Perhaps this advice about writing is just advice about life.  When you don’t know what to do, you should just do something.  Find a prompt, something to get you moving.

Tired of life?  Don’t get caught up in the Meta, and just get through today.  It won’t always be this way.

Hit your ceiling?  Keep working really hard.  Jesus said that to he gives more to those who have been faithful with a little.

Can’t find the perfect relationship?  Try something different.  Not solely for romance, but for the chance to learn about yourself and make a new friend.

Life is a blank paper.  You are a genius with writer’s block.

Just write.

I Am 29 Years Old?

Chris —  April 3, 2011

While contemplating the move to Austin 5 years ago I took a composition notebook and a Bible into the woods and wrote a five year plan.  It talked about who I would become.  The things I would accomplish.  They were big dreams of starting grand ventures and writing and a family.

It was a good plan.

A less cynical person might describe the past five years as “learning experiences.” More than anything, it feels like a series of false starts. My life doesn’t look much like the man in the composition notebook.

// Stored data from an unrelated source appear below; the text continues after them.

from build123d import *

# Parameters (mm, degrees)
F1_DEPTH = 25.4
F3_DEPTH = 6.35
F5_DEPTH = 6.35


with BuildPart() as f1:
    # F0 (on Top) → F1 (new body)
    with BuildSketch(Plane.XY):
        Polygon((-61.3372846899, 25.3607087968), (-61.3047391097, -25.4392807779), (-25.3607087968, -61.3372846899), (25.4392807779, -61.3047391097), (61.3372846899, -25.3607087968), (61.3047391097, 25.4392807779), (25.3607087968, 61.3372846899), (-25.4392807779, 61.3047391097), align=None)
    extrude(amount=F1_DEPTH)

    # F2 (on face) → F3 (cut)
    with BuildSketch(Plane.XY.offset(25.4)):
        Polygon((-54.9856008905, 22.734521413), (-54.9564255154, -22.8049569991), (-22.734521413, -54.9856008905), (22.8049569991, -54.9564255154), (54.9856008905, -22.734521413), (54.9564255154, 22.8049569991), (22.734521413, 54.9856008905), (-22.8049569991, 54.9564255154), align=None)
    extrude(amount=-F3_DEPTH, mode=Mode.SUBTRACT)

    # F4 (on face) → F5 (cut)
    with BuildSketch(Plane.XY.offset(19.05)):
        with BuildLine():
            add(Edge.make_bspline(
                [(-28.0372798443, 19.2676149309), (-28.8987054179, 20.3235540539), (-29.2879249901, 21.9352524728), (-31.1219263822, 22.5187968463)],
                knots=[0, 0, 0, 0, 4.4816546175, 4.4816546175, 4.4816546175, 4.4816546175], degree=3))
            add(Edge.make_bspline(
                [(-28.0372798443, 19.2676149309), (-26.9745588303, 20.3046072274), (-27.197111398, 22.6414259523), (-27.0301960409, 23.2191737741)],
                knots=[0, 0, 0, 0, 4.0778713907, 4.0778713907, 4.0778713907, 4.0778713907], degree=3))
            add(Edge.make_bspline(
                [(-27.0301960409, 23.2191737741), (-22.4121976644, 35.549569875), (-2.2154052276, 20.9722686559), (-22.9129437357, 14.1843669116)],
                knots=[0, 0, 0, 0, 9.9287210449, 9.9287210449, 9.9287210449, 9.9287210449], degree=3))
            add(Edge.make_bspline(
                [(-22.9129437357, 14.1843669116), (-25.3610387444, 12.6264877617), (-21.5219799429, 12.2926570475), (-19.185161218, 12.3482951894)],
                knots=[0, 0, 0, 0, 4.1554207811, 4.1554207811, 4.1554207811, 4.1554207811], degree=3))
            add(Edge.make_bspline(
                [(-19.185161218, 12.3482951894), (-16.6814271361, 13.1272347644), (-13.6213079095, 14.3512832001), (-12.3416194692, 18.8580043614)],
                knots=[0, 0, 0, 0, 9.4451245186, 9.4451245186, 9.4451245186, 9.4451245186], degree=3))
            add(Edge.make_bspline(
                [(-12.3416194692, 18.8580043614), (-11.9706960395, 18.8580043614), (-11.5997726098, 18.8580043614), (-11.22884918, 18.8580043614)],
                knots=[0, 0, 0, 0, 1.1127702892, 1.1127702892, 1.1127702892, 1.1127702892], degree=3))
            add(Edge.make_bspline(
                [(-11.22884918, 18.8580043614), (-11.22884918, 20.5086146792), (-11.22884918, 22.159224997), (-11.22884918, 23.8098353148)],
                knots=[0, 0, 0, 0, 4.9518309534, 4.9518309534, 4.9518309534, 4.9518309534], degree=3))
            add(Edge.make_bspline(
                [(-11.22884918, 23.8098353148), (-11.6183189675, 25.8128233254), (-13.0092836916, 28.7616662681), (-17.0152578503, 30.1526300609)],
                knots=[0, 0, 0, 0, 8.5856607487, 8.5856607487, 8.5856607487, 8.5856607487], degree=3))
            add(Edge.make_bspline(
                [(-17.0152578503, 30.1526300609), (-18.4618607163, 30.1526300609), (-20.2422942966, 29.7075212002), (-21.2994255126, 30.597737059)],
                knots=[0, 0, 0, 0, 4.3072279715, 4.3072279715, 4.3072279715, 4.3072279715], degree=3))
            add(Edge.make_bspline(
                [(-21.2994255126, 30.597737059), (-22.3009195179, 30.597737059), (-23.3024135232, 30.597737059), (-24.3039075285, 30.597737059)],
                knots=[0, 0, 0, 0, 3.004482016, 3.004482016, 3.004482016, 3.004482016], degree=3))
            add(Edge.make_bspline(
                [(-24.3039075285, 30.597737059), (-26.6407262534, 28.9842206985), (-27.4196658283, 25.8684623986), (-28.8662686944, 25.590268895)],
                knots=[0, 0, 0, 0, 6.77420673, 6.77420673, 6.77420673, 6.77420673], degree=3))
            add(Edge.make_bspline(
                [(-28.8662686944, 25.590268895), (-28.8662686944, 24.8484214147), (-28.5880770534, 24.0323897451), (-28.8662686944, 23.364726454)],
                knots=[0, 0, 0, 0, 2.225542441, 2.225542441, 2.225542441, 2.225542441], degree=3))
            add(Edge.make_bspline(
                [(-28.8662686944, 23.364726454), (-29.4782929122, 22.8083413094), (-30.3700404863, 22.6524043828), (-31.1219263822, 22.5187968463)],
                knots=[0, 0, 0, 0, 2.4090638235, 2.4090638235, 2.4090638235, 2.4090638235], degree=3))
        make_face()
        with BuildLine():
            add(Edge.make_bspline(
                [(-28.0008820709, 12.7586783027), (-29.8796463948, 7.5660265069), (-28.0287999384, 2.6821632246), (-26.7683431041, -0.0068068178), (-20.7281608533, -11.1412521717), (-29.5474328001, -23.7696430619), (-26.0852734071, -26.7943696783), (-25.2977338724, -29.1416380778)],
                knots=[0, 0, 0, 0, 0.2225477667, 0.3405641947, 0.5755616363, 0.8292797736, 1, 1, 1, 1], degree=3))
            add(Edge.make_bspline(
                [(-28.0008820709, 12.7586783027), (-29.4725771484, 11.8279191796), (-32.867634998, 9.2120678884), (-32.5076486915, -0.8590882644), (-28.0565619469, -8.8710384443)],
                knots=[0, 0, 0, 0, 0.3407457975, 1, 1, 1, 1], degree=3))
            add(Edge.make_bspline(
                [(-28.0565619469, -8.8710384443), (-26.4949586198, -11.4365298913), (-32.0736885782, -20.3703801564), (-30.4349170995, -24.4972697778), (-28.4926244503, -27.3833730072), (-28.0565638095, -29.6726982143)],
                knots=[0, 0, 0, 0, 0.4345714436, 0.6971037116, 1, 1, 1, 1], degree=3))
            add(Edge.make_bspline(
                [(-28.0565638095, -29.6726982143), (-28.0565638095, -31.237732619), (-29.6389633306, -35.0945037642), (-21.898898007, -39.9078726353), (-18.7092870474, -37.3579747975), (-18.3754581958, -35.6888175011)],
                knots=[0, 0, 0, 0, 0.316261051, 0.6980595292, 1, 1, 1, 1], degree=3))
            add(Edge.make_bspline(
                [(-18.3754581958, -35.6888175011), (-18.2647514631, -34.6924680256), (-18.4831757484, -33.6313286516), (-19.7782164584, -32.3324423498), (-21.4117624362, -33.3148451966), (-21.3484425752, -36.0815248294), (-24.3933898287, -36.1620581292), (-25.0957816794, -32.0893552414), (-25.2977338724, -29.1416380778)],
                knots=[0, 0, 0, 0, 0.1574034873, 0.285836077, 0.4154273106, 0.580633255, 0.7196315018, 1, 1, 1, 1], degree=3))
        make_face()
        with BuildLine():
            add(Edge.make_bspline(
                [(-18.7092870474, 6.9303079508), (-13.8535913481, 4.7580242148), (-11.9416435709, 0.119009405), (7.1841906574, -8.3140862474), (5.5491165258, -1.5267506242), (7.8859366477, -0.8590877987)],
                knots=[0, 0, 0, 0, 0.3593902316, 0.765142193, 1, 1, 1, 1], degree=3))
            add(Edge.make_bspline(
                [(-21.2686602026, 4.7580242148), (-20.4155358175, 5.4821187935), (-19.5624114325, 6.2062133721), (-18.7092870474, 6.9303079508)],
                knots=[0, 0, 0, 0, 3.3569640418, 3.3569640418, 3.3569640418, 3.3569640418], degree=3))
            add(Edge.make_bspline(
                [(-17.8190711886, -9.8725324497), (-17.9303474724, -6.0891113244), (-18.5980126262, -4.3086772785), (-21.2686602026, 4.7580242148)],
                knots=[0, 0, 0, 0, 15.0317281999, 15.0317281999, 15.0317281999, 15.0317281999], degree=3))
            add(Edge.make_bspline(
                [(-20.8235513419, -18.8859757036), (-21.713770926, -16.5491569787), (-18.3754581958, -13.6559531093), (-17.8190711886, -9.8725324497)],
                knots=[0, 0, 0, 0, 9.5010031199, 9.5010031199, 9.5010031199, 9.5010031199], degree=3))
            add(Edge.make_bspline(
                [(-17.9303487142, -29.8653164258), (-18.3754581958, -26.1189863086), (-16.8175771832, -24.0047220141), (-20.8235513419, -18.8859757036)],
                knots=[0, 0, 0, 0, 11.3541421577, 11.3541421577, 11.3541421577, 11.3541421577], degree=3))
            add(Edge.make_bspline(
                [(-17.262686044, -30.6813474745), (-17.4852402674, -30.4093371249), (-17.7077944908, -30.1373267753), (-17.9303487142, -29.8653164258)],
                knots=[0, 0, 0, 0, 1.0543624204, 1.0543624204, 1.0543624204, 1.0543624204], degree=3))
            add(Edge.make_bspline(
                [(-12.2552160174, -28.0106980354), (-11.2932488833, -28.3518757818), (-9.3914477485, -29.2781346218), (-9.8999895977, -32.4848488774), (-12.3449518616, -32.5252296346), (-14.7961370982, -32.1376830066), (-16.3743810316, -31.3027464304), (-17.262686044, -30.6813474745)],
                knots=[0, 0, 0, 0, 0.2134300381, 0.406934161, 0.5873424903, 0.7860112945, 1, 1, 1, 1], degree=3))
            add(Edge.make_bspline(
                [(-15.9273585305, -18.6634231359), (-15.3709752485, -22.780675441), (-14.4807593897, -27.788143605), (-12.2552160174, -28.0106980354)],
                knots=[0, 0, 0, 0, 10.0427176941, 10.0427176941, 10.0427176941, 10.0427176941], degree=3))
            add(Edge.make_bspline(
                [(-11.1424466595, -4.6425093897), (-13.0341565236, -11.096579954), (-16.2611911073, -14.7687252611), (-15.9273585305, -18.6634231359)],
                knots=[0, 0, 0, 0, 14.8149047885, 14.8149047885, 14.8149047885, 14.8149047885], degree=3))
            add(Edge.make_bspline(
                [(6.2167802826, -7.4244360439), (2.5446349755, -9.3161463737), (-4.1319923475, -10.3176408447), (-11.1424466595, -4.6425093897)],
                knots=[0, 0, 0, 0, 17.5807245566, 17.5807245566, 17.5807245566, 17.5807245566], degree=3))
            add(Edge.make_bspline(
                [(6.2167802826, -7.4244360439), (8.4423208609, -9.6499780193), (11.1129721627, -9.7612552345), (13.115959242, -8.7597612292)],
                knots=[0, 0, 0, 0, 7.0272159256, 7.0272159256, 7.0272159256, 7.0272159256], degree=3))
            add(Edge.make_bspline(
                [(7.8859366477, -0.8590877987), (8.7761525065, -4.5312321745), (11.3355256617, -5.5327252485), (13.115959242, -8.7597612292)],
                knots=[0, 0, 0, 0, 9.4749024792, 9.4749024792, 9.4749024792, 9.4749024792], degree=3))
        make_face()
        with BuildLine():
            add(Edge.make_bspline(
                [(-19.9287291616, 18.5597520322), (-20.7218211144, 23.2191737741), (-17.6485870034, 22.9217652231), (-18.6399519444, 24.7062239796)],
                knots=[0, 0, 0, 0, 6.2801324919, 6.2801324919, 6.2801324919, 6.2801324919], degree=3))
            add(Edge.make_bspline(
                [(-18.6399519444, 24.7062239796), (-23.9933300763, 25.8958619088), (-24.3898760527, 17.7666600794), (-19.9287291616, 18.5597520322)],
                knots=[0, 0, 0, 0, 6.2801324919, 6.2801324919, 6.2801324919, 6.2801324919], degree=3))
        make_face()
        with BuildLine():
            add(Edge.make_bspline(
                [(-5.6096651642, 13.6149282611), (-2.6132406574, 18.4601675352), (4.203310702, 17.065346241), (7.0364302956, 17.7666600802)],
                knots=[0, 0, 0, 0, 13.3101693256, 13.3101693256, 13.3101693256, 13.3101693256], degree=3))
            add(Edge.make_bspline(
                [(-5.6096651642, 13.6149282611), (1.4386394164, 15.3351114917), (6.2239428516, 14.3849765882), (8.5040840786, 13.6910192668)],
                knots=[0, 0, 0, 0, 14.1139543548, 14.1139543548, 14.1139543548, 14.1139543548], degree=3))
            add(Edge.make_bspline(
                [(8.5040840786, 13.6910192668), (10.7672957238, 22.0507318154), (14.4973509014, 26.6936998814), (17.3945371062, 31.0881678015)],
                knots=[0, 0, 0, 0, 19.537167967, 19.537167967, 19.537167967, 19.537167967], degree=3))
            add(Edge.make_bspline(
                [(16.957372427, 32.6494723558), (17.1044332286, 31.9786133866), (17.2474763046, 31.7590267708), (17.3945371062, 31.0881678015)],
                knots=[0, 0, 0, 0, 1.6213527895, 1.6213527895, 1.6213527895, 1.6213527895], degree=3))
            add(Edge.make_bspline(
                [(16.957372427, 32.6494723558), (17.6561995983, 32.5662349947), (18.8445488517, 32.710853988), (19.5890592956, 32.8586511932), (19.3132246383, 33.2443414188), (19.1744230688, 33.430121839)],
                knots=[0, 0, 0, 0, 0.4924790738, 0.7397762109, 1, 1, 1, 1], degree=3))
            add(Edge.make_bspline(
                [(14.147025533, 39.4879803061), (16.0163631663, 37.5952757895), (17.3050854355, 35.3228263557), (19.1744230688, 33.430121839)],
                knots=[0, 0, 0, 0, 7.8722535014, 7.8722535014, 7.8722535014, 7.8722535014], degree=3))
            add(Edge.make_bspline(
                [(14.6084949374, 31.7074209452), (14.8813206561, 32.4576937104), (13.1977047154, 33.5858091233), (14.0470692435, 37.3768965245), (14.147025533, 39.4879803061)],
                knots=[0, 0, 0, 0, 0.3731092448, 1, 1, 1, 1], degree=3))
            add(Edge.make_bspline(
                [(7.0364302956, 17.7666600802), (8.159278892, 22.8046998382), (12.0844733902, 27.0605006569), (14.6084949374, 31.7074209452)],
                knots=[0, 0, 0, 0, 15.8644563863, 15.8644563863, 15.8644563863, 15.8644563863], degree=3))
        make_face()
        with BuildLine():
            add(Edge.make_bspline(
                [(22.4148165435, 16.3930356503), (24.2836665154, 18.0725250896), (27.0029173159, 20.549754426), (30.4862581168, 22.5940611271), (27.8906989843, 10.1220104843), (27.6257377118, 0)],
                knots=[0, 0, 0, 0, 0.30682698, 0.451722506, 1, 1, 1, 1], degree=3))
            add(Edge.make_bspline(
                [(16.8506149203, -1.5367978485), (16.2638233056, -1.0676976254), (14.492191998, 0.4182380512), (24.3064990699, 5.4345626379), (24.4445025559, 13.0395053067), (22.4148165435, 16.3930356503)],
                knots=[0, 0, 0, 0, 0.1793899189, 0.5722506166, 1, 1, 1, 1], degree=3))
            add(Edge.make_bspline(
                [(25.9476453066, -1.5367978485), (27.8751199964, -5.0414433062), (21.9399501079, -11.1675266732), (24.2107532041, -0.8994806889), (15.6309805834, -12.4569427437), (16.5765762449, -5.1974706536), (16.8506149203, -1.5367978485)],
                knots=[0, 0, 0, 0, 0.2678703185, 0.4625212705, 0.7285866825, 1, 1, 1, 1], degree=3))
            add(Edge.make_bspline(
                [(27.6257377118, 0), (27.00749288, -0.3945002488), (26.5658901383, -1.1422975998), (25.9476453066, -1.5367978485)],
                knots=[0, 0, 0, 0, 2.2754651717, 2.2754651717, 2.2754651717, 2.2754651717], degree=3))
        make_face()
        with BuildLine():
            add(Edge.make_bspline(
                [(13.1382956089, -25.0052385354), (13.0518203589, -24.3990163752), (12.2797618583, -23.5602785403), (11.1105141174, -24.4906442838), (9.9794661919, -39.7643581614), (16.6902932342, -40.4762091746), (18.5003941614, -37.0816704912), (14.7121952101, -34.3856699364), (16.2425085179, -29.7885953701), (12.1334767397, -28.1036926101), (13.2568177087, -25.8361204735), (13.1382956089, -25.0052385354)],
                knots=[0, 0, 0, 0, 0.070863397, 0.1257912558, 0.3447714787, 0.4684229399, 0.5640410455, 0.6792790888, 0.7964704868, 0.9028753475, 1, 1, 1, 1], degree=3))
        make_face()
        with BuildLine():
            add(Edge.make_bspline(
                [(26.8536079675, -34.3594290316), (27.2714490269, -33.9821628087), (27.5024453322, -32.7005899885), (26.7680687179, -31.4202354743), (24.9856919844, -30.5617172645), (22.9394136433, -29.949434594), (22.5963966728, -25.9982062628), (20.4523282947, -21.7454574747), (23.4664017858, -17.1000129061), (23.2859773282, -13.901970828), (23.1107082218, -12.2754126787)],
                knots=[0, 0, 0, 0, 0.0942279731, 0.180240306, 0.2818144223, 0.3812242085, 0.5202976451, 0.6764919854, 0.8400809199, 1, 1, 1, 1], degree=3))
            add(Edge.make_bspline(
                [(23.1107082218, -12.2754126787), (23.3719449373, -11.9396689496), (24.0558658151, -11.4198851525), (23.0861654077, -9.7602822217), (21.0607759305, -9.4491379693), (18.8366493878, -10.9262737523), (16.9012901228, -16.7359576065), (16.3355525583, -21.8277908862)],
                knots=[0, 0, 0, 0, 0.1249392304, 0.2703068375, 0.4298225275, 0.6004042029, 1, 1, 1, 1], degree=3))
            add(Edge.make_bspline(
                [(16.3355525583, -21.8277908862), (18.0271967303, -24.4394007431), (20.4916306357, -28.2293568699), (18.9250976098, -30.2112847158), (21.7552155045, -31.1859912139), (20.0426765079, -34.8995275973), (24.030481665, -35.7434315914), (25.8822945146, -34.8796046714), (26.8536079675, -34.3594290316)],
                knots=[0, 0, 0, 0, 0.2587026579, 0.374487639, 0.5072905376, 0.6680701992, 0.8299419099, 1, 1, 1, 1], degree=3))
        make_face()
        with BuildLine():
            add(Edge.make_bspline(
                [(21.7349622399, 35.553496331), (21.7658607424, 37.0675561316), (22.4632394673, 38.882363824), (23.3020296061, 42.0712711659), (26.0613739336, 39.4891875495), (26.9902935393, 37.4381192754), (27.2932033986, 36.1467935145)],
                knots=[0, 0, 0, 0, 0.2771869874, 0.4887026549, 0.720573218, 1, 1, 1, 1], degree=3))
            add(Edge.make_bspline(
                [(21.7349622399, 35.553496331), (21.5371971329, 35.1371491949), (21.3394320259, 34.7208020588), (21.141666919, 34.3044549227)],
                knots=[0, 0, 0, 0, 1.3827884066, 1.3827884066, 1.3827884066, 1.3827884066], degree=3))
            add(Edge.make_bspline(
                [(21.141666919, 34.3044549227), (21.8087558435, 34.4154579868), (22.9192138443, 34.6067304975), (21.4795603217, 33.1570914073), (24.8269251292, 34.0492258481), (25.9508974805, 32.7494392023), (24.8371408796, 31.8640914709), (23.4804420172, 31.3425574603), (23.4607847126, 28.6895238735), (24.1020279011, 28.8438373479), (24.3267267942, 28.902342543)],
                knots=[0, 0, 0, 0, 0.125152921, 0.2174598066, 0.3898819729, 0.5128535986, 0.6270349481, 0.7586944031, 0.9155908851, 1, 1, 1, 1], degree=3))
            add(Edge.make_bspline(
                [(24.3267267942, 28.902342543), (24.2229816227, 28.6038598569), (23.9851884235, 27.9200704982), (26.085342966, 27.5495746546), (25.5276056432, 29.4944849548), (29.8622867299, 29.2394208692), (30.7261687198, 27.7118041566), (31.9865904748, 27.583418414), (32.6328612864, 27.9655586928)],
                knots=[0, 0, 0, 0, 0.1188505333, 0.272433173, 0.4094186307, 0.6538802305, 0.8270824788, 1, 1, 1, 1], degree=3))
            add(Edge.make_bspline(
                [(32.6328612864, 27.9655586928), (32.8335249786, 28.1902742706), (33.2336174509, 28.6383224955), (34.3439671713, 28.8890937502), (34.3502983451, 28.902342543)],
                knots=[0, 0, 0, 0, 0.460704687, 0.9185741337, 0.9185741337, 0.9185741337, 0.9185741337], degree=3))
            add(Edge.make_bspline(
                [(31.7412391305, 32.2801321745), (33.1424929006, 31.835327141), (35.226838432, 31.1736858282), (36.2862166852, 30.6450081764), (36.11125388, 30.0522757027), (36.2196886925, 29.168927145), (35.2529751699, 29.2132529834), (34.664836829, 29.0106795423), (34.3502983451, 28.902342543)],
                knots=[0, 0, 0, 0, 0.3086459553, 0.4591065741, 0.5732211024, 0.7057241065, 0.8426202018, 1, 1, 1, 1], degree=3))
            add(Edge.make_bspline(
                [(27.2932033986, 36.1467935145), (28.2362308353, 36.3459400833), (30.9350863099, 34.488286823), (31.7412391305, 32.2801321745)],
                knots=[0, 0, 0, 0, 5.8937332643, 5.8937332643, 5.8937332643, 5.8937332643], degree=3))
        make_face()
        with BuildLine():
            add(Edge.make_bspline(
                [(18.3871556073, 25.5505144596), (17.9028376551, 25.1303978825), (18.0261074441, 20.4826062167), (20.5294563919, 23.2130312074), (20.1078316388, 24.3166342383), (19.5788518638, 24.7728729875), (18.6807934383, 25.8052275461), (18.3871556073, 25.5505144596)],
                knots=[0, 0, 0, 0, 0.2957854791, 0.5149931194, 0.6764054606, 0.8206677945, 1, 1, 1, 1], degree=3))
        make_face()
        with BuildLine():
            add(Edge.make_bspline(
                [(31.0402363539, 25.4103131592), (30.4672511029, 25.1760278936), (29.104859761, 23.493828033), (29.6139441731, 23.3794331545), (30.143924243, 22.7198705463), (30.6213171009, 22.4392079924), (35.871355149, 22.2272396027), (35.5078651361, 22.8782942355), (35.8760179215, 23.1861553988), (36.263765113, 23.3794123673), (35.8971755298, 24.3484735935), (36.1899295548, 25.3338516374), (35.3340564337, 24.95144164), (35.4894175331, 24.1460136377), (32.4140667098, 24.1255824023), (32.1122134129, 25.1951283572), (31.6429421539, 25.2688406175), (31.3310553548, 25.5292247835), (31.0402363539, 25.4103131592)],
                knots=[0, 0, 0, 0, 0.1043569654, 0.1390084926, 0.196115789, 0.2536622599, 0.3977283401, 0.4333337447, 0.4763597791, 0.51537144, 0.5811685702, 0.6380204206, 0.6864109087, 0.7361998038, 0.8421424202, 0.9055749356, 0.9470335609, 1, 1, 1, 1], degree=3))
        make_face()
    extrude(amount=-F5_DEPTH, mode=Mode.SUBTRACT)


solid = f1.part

I am 29 years old today.  It’s not a milestone like next year will be.  It’s more of a reminder that next year is coming, and some of the hopes in that notebook remain unfulfilled.

Yet every day I become more determined to make this year count.  Granted there have been some scrapes, but too much time has been spent licking wounds.  I’d like to claim that by this time next year things will be different.  But that has the familiar ring of the disappointed composition notebook.

Instead, this year must be about charting a new course, while being faithful to serve wholeheartedly where I am at.